Ashenden: A Novel
“. . . belongs on one’s library shelf.”
“Who knows what comes next, what lies around the corner? The house can’t tell you, nor is the future in its power to determine. But it knows what it wants. What it wants is a beating heart.”
The heart of Elizabeth Wilhide’s Ashenden is captured by this opening paragraph of Chapter 16. For this is the story of a house, a home, an estate—choose whatever word you wish—the main character is “Ashenden.”
Ms. Wilhide opens the story in 2010 when Charlie Minton and his sister Ros inherit a house in the English countryside, and are faced with the dilemma of whether to sell it or keep it in the family. By this time, the house, its surrounding buildings, and acreage badly need attention—expensive attention. As they ponder their own fate and that of Ashenden, they consider the important history of the house.
The reader is introduced to James Wood, the man responsible for bringing the house to life in 1775 and the first tragedy that the building encounters with the death of Wood’s young apprentice. Ms. Wilhide describes with precision the stone used in the construction and the backbreaking work required to move and shape that stone. She details the daily processes that Wood and his team must go through to design and build an overpowering house, one with a soul. The reader senses that the stone is a living, breathing ingredient to the composition of the house.
Ms. Wilhide skillfully moves from the starkness of the outside of the house to the interior issues of completion. After 20 years, she brings Wood back to the house as an elderly man revisiting the success of his youth. Though disappointed in the interior’s incompleteness, he revisits his past through his memories of the initial work and the pain of losing a young friend.

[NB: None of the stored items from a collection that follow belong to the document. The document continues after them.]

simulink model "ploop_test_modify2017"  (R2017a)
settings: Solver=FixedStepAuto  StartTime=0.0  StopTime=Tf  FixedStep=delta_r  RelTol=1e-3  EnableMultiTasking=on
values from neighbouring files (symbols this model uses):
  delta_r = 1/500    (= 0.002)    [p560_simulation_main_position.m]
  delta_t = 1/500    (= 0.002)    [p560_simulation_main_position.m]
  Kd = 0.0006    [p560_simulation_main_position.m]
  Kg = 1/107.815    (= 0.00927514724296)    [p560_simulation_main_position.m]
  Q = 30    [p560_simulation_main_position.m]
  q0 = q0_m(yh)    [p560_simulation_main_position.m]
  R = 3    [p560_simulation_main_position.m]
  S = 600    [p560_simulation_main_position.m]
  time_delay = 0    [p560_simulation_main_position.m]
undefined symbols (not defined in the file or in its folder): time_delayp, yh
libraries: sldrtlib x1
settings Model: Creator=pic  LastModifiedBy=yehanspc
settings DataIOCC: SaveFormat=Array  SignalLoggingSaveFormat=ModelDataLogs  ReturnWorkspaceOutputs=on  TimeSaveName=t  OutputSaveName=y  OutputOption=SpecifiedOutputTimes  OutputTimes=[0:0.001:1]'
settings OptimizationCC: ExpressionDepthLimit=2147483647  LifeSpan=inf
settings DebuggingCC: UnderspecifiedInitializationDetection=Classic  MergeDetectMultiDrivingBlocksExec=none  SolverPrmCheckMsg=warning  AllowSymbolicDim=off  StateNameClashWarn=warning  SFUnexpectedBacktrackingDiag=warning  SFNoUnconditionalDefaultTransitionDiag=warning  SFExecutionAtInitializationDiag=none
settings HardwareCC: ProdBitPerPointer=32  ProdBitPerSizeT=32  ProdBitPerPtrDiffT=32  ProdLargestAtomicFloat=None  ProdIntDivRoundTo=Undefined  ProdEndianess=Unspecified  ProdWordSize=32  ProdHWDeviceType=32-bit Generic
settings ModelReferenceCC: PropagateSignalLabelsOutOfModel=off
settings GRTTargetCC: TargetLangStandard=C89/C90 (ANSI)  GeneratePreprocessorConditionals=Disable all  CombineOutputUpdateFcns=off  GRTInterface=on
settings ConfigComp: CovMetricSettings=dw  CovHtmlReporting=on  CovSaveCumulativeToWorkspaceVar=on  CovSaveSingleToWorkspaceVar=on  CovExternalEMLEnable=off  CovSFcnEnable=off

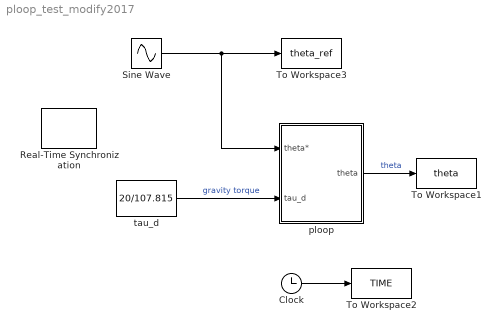
== system ploop_test_modify2017 ==
  Clock : Clock
  Real-Time Synchronization : sldrtlib/Real-Time Synchronization  SampleTime=delta_r  MaxMissedTicks=10000  ShowMissedTicks=off  YieldWhenWaiting=off
  Sine Wave : Sin  Amplitude=6  Frequency=1.2  Phase=pi/2  SampleTime=0
  To Workspace1 : ToWorkspace  VariableName=theta  SaveFormat=Timeseries  SampleTime=-1
  To Workspace2 : ToWorkspace  VariableName=TIME  SaveFormat=Timeseries  SampleTime=-1
  To Workspace3 : ToWorkspace  VariableName=theta_ref  SaveFormat=Timeseries  SampleTime=-1
  ploop : Subsystem
  tau_d : Constant  Value=20/107.815
  wires:
  ploop/1(theta) -> To Workspace1/1  "theta"
  Sine Wave/1 -> ploop/1(theta*), To Workspace3/1
  tau_d/1 -> ploop/2(tau_d)  "gravity torque"
  Clock/1 -> To Workspace2/1

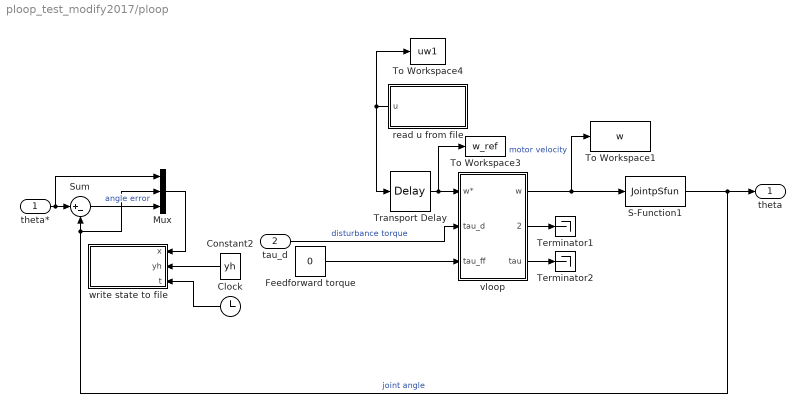
== system ploop_test_modify2017/ploop ==
  theta* : Inport
  tau_d : Inport  Port=2
  Clock : Clock
  Constant2 : Constant  Value=yh
  Feedforward torque : Constant  Value=0
  Mux : Mux  Inputs=3
  S-Function1 : S-Function  FunctionName=JointpSfun  Parameters=Kg,delta_r,q0  SFunctionDeploymentMode=off  EnableBusSupport=off
  Sum : Sum  Inputs=|+-
  Terminator1 : Terminator
  Terminator2 : Terminator
  To Workspace1 : ToWorkspace  VariableName=w  SaveFormat=Timeseries  SampleTime=-1
  To Workspace3 : ToWorkspace  VariableName=w_ref  SaveFormat=Timeseries  SampleTime=-1
  To Workspace4 : ToWorkspace  VariableName=uw1  SaveFormat=Timeseries  SampleTime=-1
  Transport Delay : TransportDelay  DelayTime=time_delayp
  read u from file : MATLAB Function  TreatAsAtomicUnit=on
  vloop : Subsystem  AncestorBlock=roblocks/Arm/vloop  mask{J=580e-6, B=817e-6, Km=0.228, tau_max=0.9, Kv=1, Ki=0, T=0.001}
      mask prompts: J "Inertia (J)"; B "Viscous friction coefficient (B)"; Km "Motor torque constant"; tau_max "Torque limit (tau_max)"; Kv "Proportional gain (Kv)"; Ki "Integral gain (Ki)"; T "Sample interval (T)"
  write state to file : MATLAB Function  TreatAsAtomicUnit=on
  theta : Outport
  wires:
  Sum/1 -> Mux/3  "angle error"
  S-Function1/1 -> theta/1, Mux/2, Sum/2  "joint angle"
  theta*/1 -> Mux/1, Sum/1
  vloop/2(w error) -> Terminator1/1
  vloop/3(tau) -> Terminator2/1
  vloop/1(w) -> S-Function1/1, To Workspace1/1  "motor velocity"
  tau_d/1 -> vloop/2(tau_d)  "disturbance torque"
  Feedforward torque/1 -> vloop/3(tau_ff)
  Transport Delay/1 -> vloop/1(w*), To Workspace3/1
  Constant2/1 -> write state to file/2(yh)
  Mux/1 -> write state to file/1(x)
  read u from file/1(u) -> Transport Delay/1, To Workspace4/1
  Clock/1 -> write state to file/3(t)

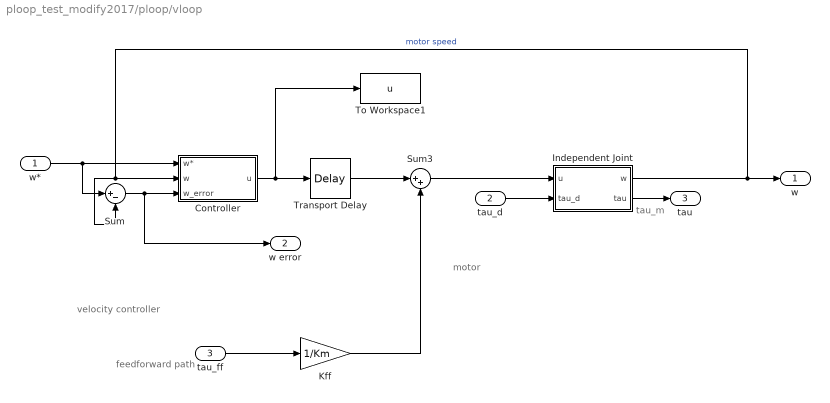
== system ploop_test_modify2017/ploop/vloop ==
  note: velocity controller
  note: feedforward path
  note: tau_m
  note: motor
  w* : Inport
  tau_d : Inport  Port=2
  tau_ff : Inport  Port=3
  Controller : Subsystem
  Independent Joint : Subsystem
  Kff : Gain  Gain=1/Km
  Sum : Sum  Inputs=|+-
  Sum3 : Sum  Inputs=|++
  To Workspace1 : ToWorkspace  VariableName=u  SaveFormat=Timeseries  SampleTime=-1
  Transport Delay : TransportDelay  DelayTime=time_delay
  w : Outport
  w error : Outport  Port=2
  tau : Outport  Port=3
  wires:
  tau_ff/1 -> Kff/1
  Kff/1 -> Sum3/2
  Sum3/1 -> Independent Joint/1(u)
  tau_d/1 -> Independent Joint/2(tau_d)
  Independent Joint/1(w) -> Sum/2, Controller/2(w), w/1  "motor speed"
  w*/1 -> Sum/1, Controller/1(w*)
  Sum/1 -> w error/1, Controller/3(w_error)
  Transport Delay/1 -> Sum3/1
  Controller/1(u) -> Transport Delay/1, To Workspace1/1
  Independent Joint/2(tau) -> tau/1

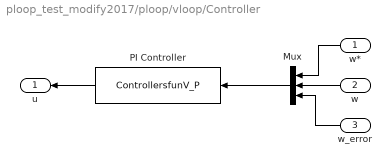
== system ploop_test_modify2017/ploop/vloop/Controller ==
  w* : Inport
  w : Inport  Port=2
  w_error : Inport  Port=3
  Mux : Mux  Inputs=3
  PI Controller : S-Function  FunctionName=ControllersfunV_P  Parameters=Kv,Ki,Kd,delta_t,delta_r,B,J,Km,Q,R,S  SFunctionDeploymentMode=off  EnableBusSupport=off
  u : Outport
  wires:
  w/1 -> Mux/2
  w*/1 -> Mux/1
  Mux/1 -> PI Controller/1
  PI Controller/1 -> u/1
  w_error/1 -> Mux/3

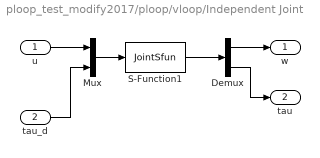
== system ploop_test_modify2017/ploop/vloop/Independent Joint ==
  u : Inport
  tau_d : Inport  Port=2
  Demux : Demux  Outputs=2
  Mux : Mux  Inputs=2
  S-Function1 : S-Function  FunctionName=JointSfun  Parameters=B,J,Km,delta_r  SFunctionDeploymentMode=off  EnableBusSupport=off
  w : Outport
  tau : Outport  Port=2
  wires:
  Mux/1 -> S-Function1/1
  u/1 -> Mux/1
  tau_d/1 -> Mux/2
  S-Function1/1 -> Demux/1
  Demux/1 -> w/1
  Demux/2 -> tau/1

== matlab function ploop_test_modify2017/ploop/write state to file ==
  data: x input; yh input; t input
function write_block(x,yh,t)
% Inputs:
% ymea: measurement from structure
% Outputs:
% ymea1: measurement output

eml.extrinsic('write_x');
write_x(x,yh,t);

== matlab function ploop_test_modify2017/ploop/read u from file ==
  data: u output
function u = read_u_block
% Inputs:
% ymea: measurement from structure
% Outputs:
% ymea1: measurement output

% coder.extrinsic('fscanf')
u=0;
eml.extrinsic('read_u');
% 
u = read_u();

The story continues to wrap the house around its various owners and their successes or failures—these same successes and failures that account for the appearance and structure of the house as it ages. Through four decades of use and misuse, the story moves from the deteriorating interior to the decoration, specifically a portrait and the relationship between the artist and the wife of Ashenden’s current owner. It is a relationship that is destined to failure, and a relationship that will bring down the staff at Ashenden as well.
The story moves a scant five years past the disastrous relationship and brings life back to the estate as a new owner pours time and money and energy into refitting the estate and returning it to a destiny previously left behind. The house is rejuvenated with the sounds of children’s voices, and a new enterprise rises through the efforts of a family member: a school is established on the grounds, and as the house reclaims its destiny, it enjoys growth outside of its immediate place and time.
Each subsequent chapter moves through various owners, and although some chapters spend more time on the character of the owners, the house always sits in the background, breathing life into the people it accommodates.
Each new chapter considers the era in which the chapter explores: monarchs’ deaths, world wars, and social upheaval. And yet the house, through its various stages of deterioration and rebirth, survives and one might say, even thrives.
Ms. Wilhide’s character development brings life to each personality, and each chapter is tied to the previous and tied to the next through these characters.
Each new character deposits something of his or her own, something that adds dimension to the personality of the house. As Ms. Wilhide brings the reader full circle back to Charlie and Ros and their dilemma, she captures the heart of the story when she writes, “The village had changed a great deal over the years, much more than the house, which was trapped in a time warp by comparison.”
Charlie and Ros come to a decision that completes the story arc as well as the beginning of Ashenden.
Ashenden is a tale that grabs the reader, places him on the newel post, and encourages him to experience the life of a house through its owners, staff, and guests. This story belongs on one’s library shelf.